Negara Indonesia Pernah Memiliki 2 Presiden Yang Terlupakan, Siapakah Dia?
SURABAYA, iNewsSurabaya.id – Dalam pelajaran yang diajarkan di sekolah, Negara Indoensia memiliki 7 presiden, yaitu Soekarno, Soeharto, BJ Habibie, Abdurrahman Wahid, Megawati SoekarnoPutri, Susilo Bambang Yudhoyono, dan Joko Widodo sebagai presiden negara Indonesia.
Namun tahukah kalian Dalam sejarah negara Indonesia pernah tercatat 2 nama presiden yang terlupakan, yaitu Syafriddin Prawiranegara dan Mr Assat, siapakah mereka?
Dilansir dari Okezone nama Syafriddin Prawiranegara adalah pejuang yang pernah diperintahkan oleh Soekarno dan Mohammad Hatta untuk membentuk Pemerintahan Darurat Republik Indonesia atau yang lebih disingkat sebagai PDRI.
Pada saat Belanda melakukan agresi militer II mereka menangkap Soekarno dan Mohammad Hatta, lalu diasingkan ke pulau Bangka pada tahun 1948.
Sebelumnya Hatta telah menduga, bahwa dirinya dan Soekarno akan ditangkap Belanda. Mengetahui hal itu mereka memberikan mandat kepada seseorang bernama Syafriddin Prawiranegara untuk mengisi kekosongan kekeuasaan.
Syafriddin Prawiranegara yang pada saat itu berada di Bukit Tinggi berinisiatif untuk mengambil alih kekosongan jabatan kekuasaan pada (19/12/1948). Syafriddin yang bersama Gubernur Sumatera, TM Hasan, akhirnya memutuskan untuk membentuk Pemerintahan Darurat Republik Indonesia. Demi menyelamatkan Indonesia yang pada saat itu dalam keadaan berbahaya.

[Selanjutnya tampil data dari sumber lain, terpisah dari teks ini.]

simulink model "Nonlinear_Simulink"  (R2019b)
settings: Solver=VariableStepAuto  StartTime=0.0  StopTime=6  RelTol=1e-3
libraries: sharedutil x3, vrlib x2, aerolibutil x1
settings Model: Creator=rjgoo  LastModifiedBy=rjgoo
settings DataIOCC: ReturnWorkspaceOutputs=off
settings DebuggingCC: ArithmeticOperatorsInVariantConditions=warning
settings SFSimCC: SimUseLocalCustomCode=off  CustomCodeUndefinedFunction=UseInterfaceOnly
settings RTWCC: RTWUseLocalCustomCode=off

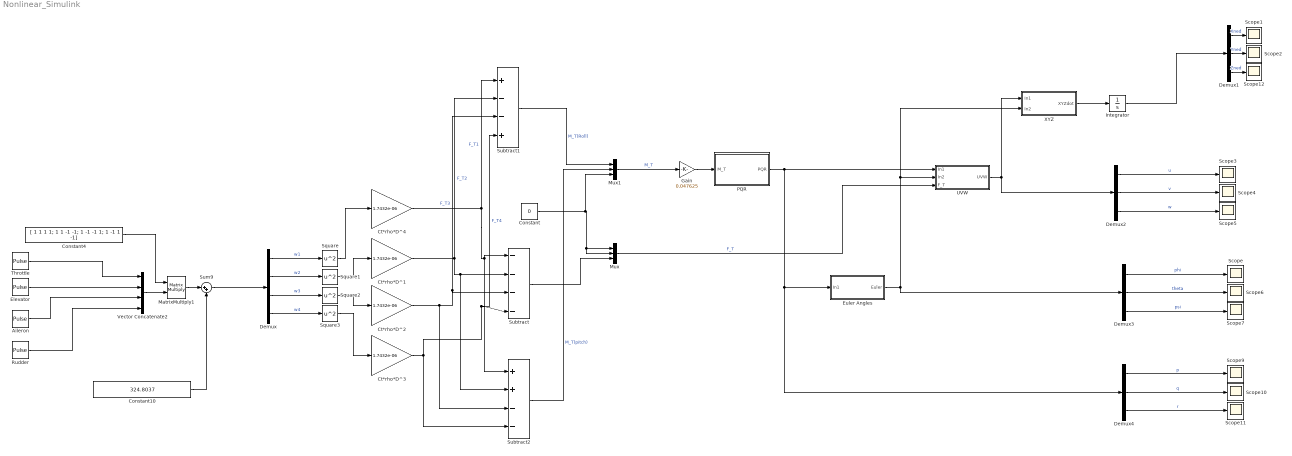
== system Nonlinear_Simulink ==
  Aileron : DiscretePulseGenerator  PulseType=Time based  Amplitude=0.01  Period=8  PulseWidth=50  PhaseDelay=1
  Constant : Constant  Value=0
  Constant10 : Constant  Value=324.8037
  Constant4 : Constant  Value="[ 1 1 1 1; 1 1 -1 -1; 1 -1 -1 1; 1 -1  1 -1]"  VectorParams1D=off
  Ct*rho*D^{1..4} (4 alike) : Gain  Gain=1.7432e-06
  Demux : Demux
  Demux{1..4} (4 alike) : Demux  Outputs=3
  Elevator : DiscretePulseGenerator  PulseType=Time based  Amplitude=0  Period=8  PulseWidth=50  PhaseDelay=1
  Euler Angles : Subsystem
  Gain : Gain  Gain=0.047625
  Integrator : Integrator
  MatrixMultiply1 : Product  Multiplication=Matrix(*)
  Mux : Mux  Inputs=3
  Mux1 : Mux  Inputs=3
  PQR : Subsystem
  Rudder : DiscretePulseGenerator  PulseType=Time based  Amplitude=0  Period=8  PulseWidth=50  PhaseDelay=1
  Scope{,1..7,9..12} (12 alike) : Scope
  Square{,1..3} (4 alike) : Math  Operator=square  SaturateOnIntegerOverflow=on
  Subtract : Sum  Inputs=----
  Subtract1 : Sum  Inputs=+--+
  Subtract2 : Sum  Inputs=++--
  Sum9 : Sum  Inputs=|++
  Throttle : DiscretePulseGenerator  PulseType=Time based  Amplitude=0  Period=8  PulseWidth=50  PhaseDelay=1
  UVW : Subsystem
  Vector Concatenate2 : Concatenate  NumInputs=4
  XYZ : Subsystem
  wires:
  Euler Angles/1(Euler) -> Demux3/1, UVW/2(In2), XYZ/2(In2)
  Constant10/1 -> Sum9/2
  MatrixMultiply1/1 -> Sum9/1
  Constant4/1 -> MatrixMultiply1/1
  Throttle/1 -> Vector Concatenate2/1
  Vector Concatenate2/1 -> MatrixMultiply1/2
  Rudder/1 -> Vector Concatenate2/4
  Aileron/1 -> Vector Concatenate2/3
  Elevator/1 -> Vector Concatenate2/2
  Sum9/1 -> Demux/1
  Demux/1 -> Square/1  "w1"
  Demux/2 -> Square1/1  "w2"
  Demux/3 -> Square2/1  "w3"
  Demux/4 -> Square3/1  "w4"
  Square/1 -> Ct*rho*D^4/1
  Square3/1 -> Ct*rho*D^3/1
  Square2/1 -> Ct*rho*D^2/1
  Square1/1 -> Ct*rho*D^1/1
  Ct*rho*D^4/1 -> Subtract2/1, Subtract/1, Subtract1/1  "F_T1"
  Ct*rho*D^1/1 -> Subtract2/2, Subtract/2, Subtract1/2  "F_T2"
  Ct*rho*D^2/1 -> Subtract2/3, Subtract1/3, Subtract/3  "F_T3"
  Ct*rho*D^3/1 -> Subtract1/4, Subtract/4, Subtract2/4  "F_T4"
  Subtract/1 -> Mux/3
  Mux/1 -> UVW/3(F_T)  "F_T"
  Constant/1 -> Mux1/3, Mux/1, Mux/2
  Subtract1/1 -> Mux1/1  "M_T(Roll)"
  Subtract2/1 -> Mux1/2  "M_T(pitch)"
  Mux1/1 -> Gain/1  "M_T"
  Gain/1 -> PQR/1(M_T)
  UVW/1(UVW) -> XYZ/1(In1), Demux2/1
  Demux2/2 -> Scope4/1  "v"
  Demux2/1 -> Scope3/1  "u"
  Demux2/3 -> Scope5/1  "w"
  Demux3/1 -> Scope/1  "phi"
  Demux3/2 -> Scope6/1  "theta"
  Demux3/3 -> Scope7/1  "psi"
  Demux4/1 -> Scope9/1  "p"
  Demux4/2 -> Scope10/1  "q"
  Demux4/3 -> Scope11/1  "r"
  PQR/1(PQR) -> UVW/1(In1), Demux4/1, Euler Angles/1(In1)
  Demux1/1 -> Scope1/1  "Xned"
  Demux1/3 -> Scope12/1  "Zned"
  Demux1/2 -> Scope2/1  "Yned"
  XYZ/1(XYZdot) -> Integrator/1
  Integrator/1 -> Demux1/1

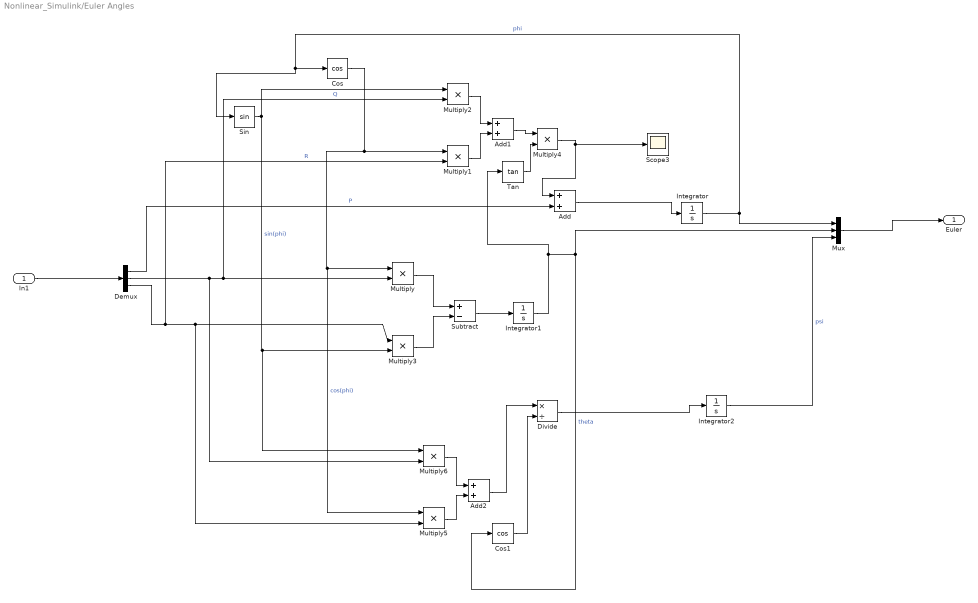
== system Nonlinear_Simulink/Euler Angles ==
  In1 : Inport
  Add : Sum
  Add1 : Sum
  Add2 : Sum
  Cos : Trigonometry  Operator=cos
  Cos1 : Trigonometry  Operator=cos
  Demux : Demux  Outputs=3
  Divide : Product  Inputs=*/
  Integrator : Integrator
  Integrator1 : Integrator
  Integrator2 : Integrator
  Multiply{,1..6} (7 alike) : Product
  Mux : Mux  Inputs=3
  Scope3 : Scope
  Sin : Trigonometry
  Subtract : Sum  Inputs=+-
  Tan : Trigonometry  Operator=tan
  Euler : Outport  VectorParamsAs1DForOutWhenUnconnected=off
  wires:
  In1/1 -> Demux/1
  Integrator/1 -> Cos/1, Sin/1, Mux/1  "phi"
  Integrator1/1 -> Tan/1, Cos1/1, Mux/2  "theta"
  Integrator2/1 -> Mux/3  "psi"
  Mux/1 -> Euler/1
  Multiply/1 -> Subtract/1
  Multiply3/1 -> Subtract/2
  Subtract/1 -> Integrator1/1
  Multiply2/1 -> Add1/1
  Multiply1/1 -> Add1/2
  Tan/1 -> Multiply4/2
  Add1/1 -> Multiply4/1
  Demux/3 -> Multiply1/2, Multiply5/2, Multiply3/1  "R"
  Sin/1 -> Multiply6/1, Multiply3/2, Multiply2/1  "sin(phi)"
  Cos/1 -> Multiply5/1, Multiply/1, Multiply1/1  "cos(phi)"
  Demux/2 -> Multiply6/2, Multiply2/2, Multiply/2  "Q"
  Multiply5/1 -> Add2/2
  Multiply6/1 -> Add2/1
  Add2/1 -> Divide/1
  Cos1/1 -> Divide/2
  Divide/1 -> Integrator2/1
  Demux/1 -> Add/2  "P"
  Multiply4/1 -> Add/1, Scope3/1
  Add/1 -> Integrator/1

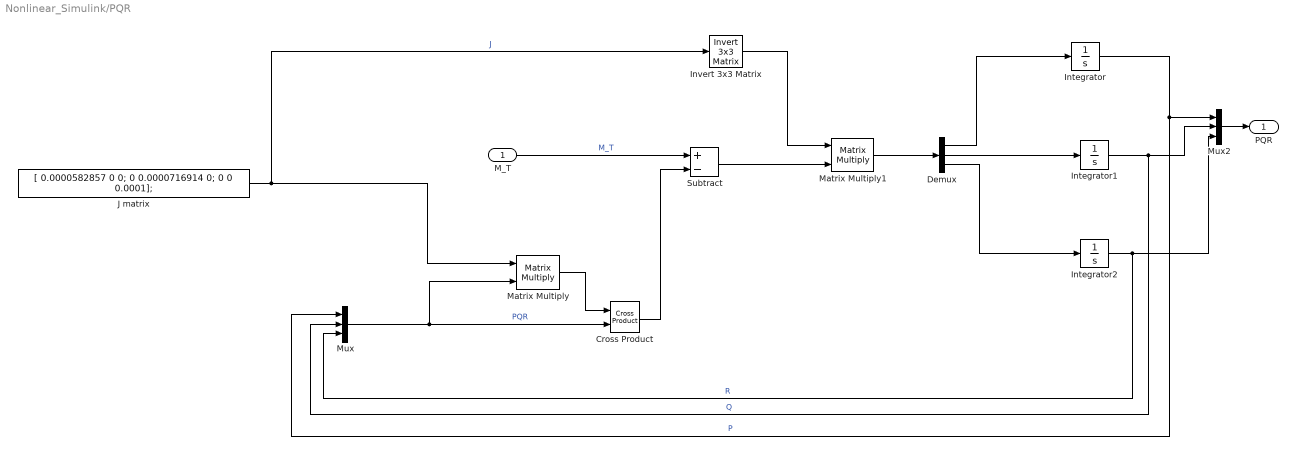
== system Nonlinear_Simulink/PQR ==
  M_T : Inport
  Cross Product : vrlib/Utilities/Cross Product
      settings: SourceProductName=Simulink
  Demux : Demux  Outputs=3
  Integrator : Integrator
  Integrator1 : Integrator
  Integrator2 : Integrator
  Invert 3x3 Matrix : aerolibutil/Invert  3x3 Matrix
  J matrix : Constant  Value=[ 0.0000582857 0 0; 0 0.0000716914 0; 0 0 0.0001];
  Matrix Multiply : Product  Multiplication=Matrix(*)
  Matrix Multiply1 : Product  Multiplication=Matrix(*)
  Mux : Mux  Inputs=3
  Mux2 : Mux  Inputs=3
  Subtract : Sum  Inputs=+-
  PQR : Outport  VectorParamsAs1DForOutWhenUnconnected=off
  wires:
  Integrator/1 -> Mux2/1, Mux/1  "P"
  Integrator1/1 -> Mux/2, Mux2/2  "Q"
  Integrator2/1 -> Mux/3, Mux2/3  "R"
  J matrix/1 -> Invert 3x3 Matrix/1, Matrix Multiply/1  "J"
  M_T/1 -> Subtract/1  "M_T"
  Mux/1 -> Cross Product/2, Matrix Multiply/2  "PQR"
  Matrix Multiply/1 -> Cross Product/1
  Cross Product/1 -> Subtract/2
  Invert 3x3 Matrix/1 -> Matrix Multiply1/1
  Subtract/1 -> Matrix Multiply1/2
  Matrix Multiply1/1 -> Demux/1
  Demux/1 -> Integrator/1
  Demux/2 -> Integrator1/1
  Demux/3 -> Integrator2/1
  Mux2/1 -> PQR/1

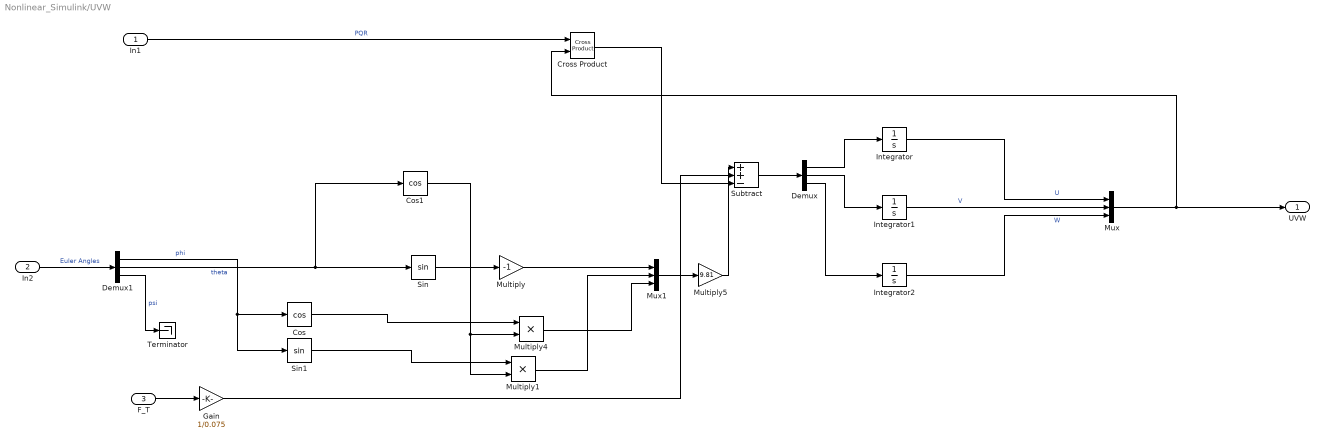
== system Nonlinear_Simulink/UVW ==
  In1 : Inport
  In2 : Inport  Port=2
  F_T : Inport  Port=3
  Cos : Trigonometry  Operator=cos
  Cos1 : Trigonometry  Operator=cos
  Cross Product : vrlib/Utilities/Cross Product
      settings: SourceProductName=Simulink
  Demux : Demux  Outputs=3
  Demux1 : Demux  Outputs=3
  Gain : Gain  Gain=1/0.075
  Integrator : Integrator
  Integrator1 : Integrator
  Integrator2 : Integrator
  Multiply : Gain  Gain=-1
  Multiply1 : Product
  Multiply4 : Product
  Multiply5 : Gain  Gain=9.81
  Mux : Mux  Inputs=3
  Mux1 : Mux  Inputs=3
  Sin : Trigonometry
  Sin1 : Trigonometry
  Subtract : Sum  Inputs=++-
  Terminator : Terminator
  UVW : Outport  VectorParamsAs1DForOutWhenUnconnected=off
  wires:
  In1/1 -> Cross Product/1  "PQR"
  In2/1 -> Demux1/1  "Euler Angles"
  Integrator/1 -> Mux/1  "U"
  Integrator1/1 -> Mux/2  "V"
  Integrator2/1 -> Mux/3  "W"
  Demux1/1 -> Sin1/1, Cos/1  "phi"
  Demux1/2 -> Cos1/1, Sin/1  "theta"
  Demux1/3 -> Terminator/1  "psi"
  Mux/1 -> Cross Product/2, UVW/1
  F_T/1 -> Gain/1
  Demux/3 -> Integrator2/1
  Sin/1 -> Multiply/1
  Multiply/1 -> Mux1/1
  Cos1/1 -> Multiply1/2, Multiply4/2
  Sin1/1 -> Multiply1/1
  Multiply1/1 -> Mux1/2
  Cos/1 -> Multiply4/1
  Multiply4/1 -> Mux1/3
  Mux1/1 -> Multiply5/1
  Multiply5/1 -> Subtract/1
  Gain/1 -> Subtract/2
  Cross Product/1 -> Subtract/3
  Subtract/1 -> Demux/1
  Demux/1 -> Integrator/1
  Demux/2 -> Integrator1/1

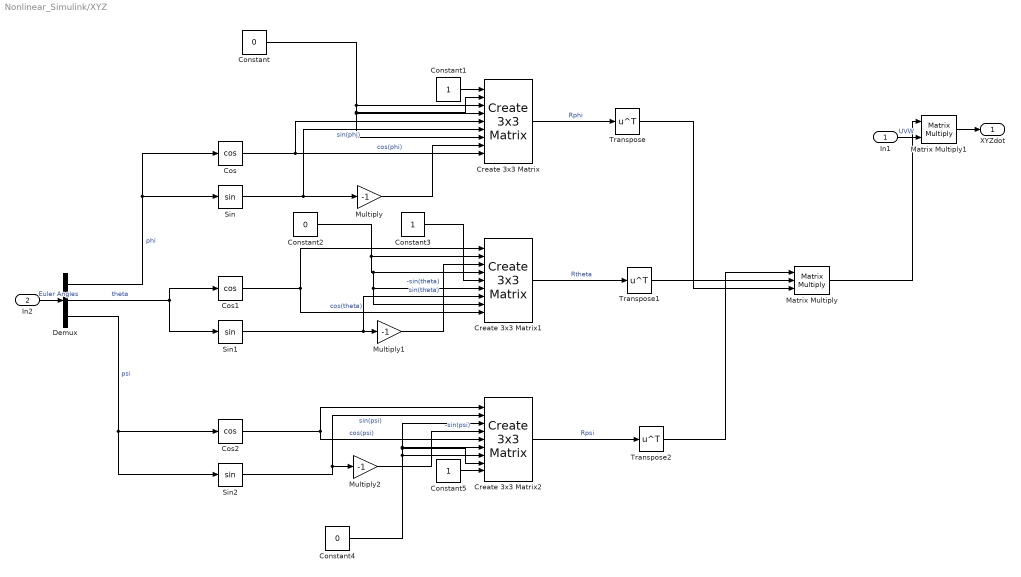
== system Nonlinear_Simulink/XYZ ==
  In1 : Inport
  In2 : Inport  Port=2
  Constant : Constant  Value=0
  Constant1 : Constant
  Constant2 : Constant  Value=0
  Constant3 : Constant
  Constant4 : Constant  Value=0
  Constant5 : Constant
  Cos : Trigonometry  Operator=cos
  Cos1 : Trigonometry  Operator=cos
  Cos2 : Trigonometry  Operator=cos
  Create 3x3 Matrix : sharedutil/Create 3x3 Matrix  aMode=aMode
  Create 3x3 Matrix1 : sharedutil/Create 3x3 Matrix  aMode=aMode
  Create 3x3 Matrix2 : sharedutil/Create 3x3 Matrix  aMode=aMode
  Demux : Demux  Outputs=3
  Matrix Multiply : Product  Inputs=3  Multiplication=Matrix(*)
  Matrix Multiply1 : Product  Multiplication=Matrix(*)
  Multiply : Gain  Gain=-1
  Multiply1 : Gain  Gain=-1
  Multiply2 : Gain  Gain=-1
  Sin : Trigonometry
  Sin1 : Trigonometry
  Sin2 : Trigonometry
  Transpose : Math  Operator=transpose  SignedPower=off  SaturateOnIntegerOverflow=on
  Transpose1 : Math  Operator=transpose  SignedPower=off  SaturateOnIntegerOverflow=on
  Transpose2 : Math  Operator=transpose  SignedPower=off  SaturateOnIntegerOverflow=on
  XYZdot : Outport  VectorParamsAs1DForOutWhenUnconnected=off
  wires:
  In1/1 -> Matrix Multiply1/2  "UVW"
  In2/1 -> Demux/1  "Euler Angles"
  Demux/1 -> Cos/1, Sin/1  "phi"
  Demux/2 -> Sin1/1, Cos1/1  "theta"
  Demux/3 -> Sin2/1, Cos2/1  "psi"
  Create 3x3 Matrix/1 -> Transpose/1  "Rphi"
  Create 3x3 Matrix1/1 -> Transpose1/1  "Rtheta"
  Create 3x3 Matrix2/1 -> Transpose2/1  "Rpsi"
  Constant1/1 -> Create 3x3 Matrix/1
  Constant/1 -> Create 3x3 Matrix/2, Create 3x3 Matrix/7, Create 3x3 Matrix/4, Create 3x3 Matrix/3
  Cos/1 -> Create 3x3 Matrix/5, Create 3x3 Matrix/9  "cos(phi)"
  Sin/1 -> Create 3x3 Matrix/6, Multiply/1  "sin(phi)"
  Multiply/1 -> Create 3x3 Matrix/8
  Cos1/1 -> Create 3x3 Matrix1/1, Create 3x3 Matrix1/9  "cos(theta)"
  Constant2/1 -> Create 3x3 Matrix1/8, Create 3x3 Matrix1/6, Create 3x3 Matrix1/4, Create 3x3 Matrix1/2
  Sin1/1 -> Create 3x3 Matrix1/7, Multiply1/1  "sin(theta)"
  Multiply1/1 -> Create 3x3 Matrix1/3  "-sin(theta)"
  Constant3/1 -> Create 3x3 Matrix1/5
  Cos2/1 -> Create 3x3 Matrix2/1, Create 3x3 Matrix2/5  "cos(psi)"
  Sin2/1 -> Multiply2/1, Create 3x3 Matrix2/2  "sin(psi)"
  Constant4/1 -> Create 3x3 Matrix2/8, Create 3x3 Matrix2/3, Create 3x3 Matrix2/6, Create 3x3 Matrix2/7
  Multiply2/1 -> Create 3x3 Matrix2/4  "-sin(psi)"
  Constant5/1 -> Create 3x3 Matrix2/9
  Transpose2/1 -> Matrix Multiply/1
  Transpose1/1 -> Matrix Multiply/2
  Transpose/1 -> Matrix Multiply/3
  Matrix Multiply/1 -> Matrix Multiply1/1
  Matrix Multiply1/1 -> XYZdot/1

Usaha Pemerintahan Darurat membuahkan hasil. Belanda terpaksa melakukan perundingan dengan Indonesia. Setelah 8 bulan berselang, sidang antara Pemerintahan Darurat Republik Indonesia dengan Soekarno, Mohammad Hatta, dan kabinet menteri. Pada perjanjian Roem-Royen, akhirnya Soekarno dan Mohammad Hatta beserta kawan kawan dibebaskan dan dikembalikan ke Yogyakarta. Pada tanggal 14 juli 1949 diadakan serah Terima pengembalian mandat dari Pemerintahan Darurat Republik Indonesia.
Yang kedua ada Mr.Assat yang pernah menjabat sebagai presiden Indonesia dalam kurun waktu 9 bulan. Pada tanggal 27 Desember 1949, Setelah perjanjian Konferensi meja bundar, Mr Assat menjadi acting Presiden Republik Indonesia hingga tanggal 15 Agustus 1950. Terbentuknys RIS, jabatannya sebagai presiden Republik Indonesia telah selesai, dan jabatannya sebagai ketua KNIP dan badan pekerjanya.
Pada bulan Agustus 1950, Bagian RIS melebur diri dalam kesatuan Republik Indonesia. Pada saat menjadi Presiden, Mr Assat menandatangani statuta pendirian Universitas Gadjah Mada di YogyaKarta.
Pindah ke Jakarta, Mr Assat menjadi anggota parlemen. Duduk dalam kabinet Natsir menjadi menteri dalam negeri hingga Maret 1951. Ia tetap menjadi anggota parlemen, meskipun kabinet Natsir telah bubar.
Ia menjabat sebagai formatur kabinet bersama Wilopo dan Soekiman Wirjosandjojo untuk menyalonkan Mohammad Hatta sebagai perdana menteri pada tahun 1955. Karena terjadi ketidakpuasan terhadap kebijakan pemerintah Pusat. Tetapi usaha ketiga formatur itu menemui kegagalan, formal, dan ditolak oleh parlemen.